__Records from a data collection__:
━━━━━━━━━━━━━━━━
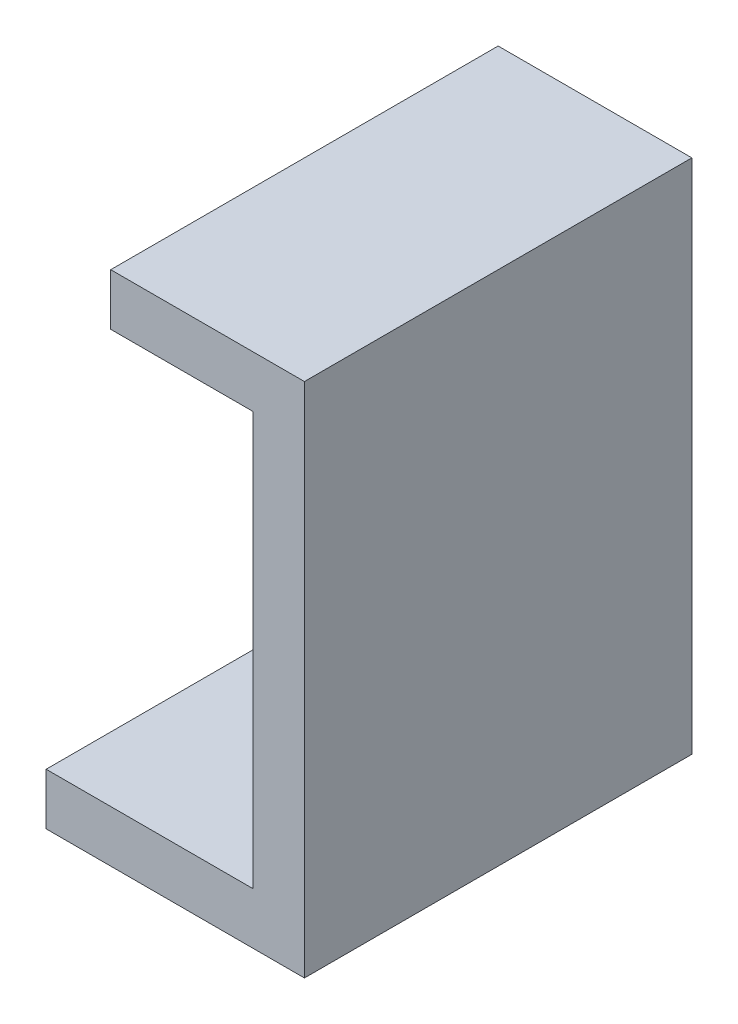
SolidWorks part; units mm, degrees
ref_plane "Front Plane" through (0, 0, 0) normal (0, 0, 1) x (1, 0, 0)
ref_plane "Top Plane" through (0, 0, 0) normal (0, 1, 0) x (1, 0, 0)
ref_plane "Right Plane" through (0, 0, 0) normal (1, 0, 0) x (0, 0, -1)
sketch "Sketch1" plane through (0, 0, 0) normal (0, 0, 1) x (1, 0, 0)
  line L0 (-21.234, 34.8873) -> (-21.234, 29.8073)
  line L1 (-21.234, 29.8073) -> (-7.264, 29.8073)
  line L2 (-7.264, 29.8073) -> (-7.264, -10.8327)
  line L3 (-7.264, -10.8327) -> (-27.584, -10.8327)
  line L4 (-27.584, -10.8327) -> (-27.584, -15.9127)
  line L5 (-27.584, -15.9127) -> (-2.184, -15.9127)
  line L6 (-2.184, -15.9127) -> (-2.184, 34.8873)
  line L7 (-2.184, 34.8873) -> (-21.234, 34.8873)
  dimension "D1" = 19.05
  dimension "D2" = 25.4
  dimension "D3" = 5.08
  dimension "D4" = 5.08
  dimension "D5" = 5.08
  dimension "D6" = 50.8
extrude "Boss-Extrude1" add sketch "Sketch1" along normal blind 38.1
━━━━━━━━━━━━━━━━
Your output should consist only of the lines from the one containing "line L1 (-21.234, 29.8073)" to the end of the records above, each retyped exactly.

__Answer below__:
  line L1 (-21.234, 29.8073) -> (-7.264, 29.8073)
  line L2 (-7.264, 29.8073) -> (-7.264, -10.8327)
  line L3 (-7.264, -10.8327) -> (-27.584, -10.8327)
  line L4 (-27.584, -10.8327) -> (-27.584, -15.9127)
  line L5 (-27.584, -15.9127) -> (-2.184, -15.9127)
  line L6 (-2.184, -15.9127) -> (-2.184, 34.8873)
  line L7 (-2.184, 34.8873) -> (-21.234, 34.8873)
  dimension "D1" = 19.05
  dimension "D2" = 25.4
  dimension "D3" = 5.08
  dimension "D4" = 5.08
  dimension "D5" = 5.08
  dimension "D6" = 50.8
extrude "Boss-Extrude1" add sketch "Sketch1" along normal blind 38.1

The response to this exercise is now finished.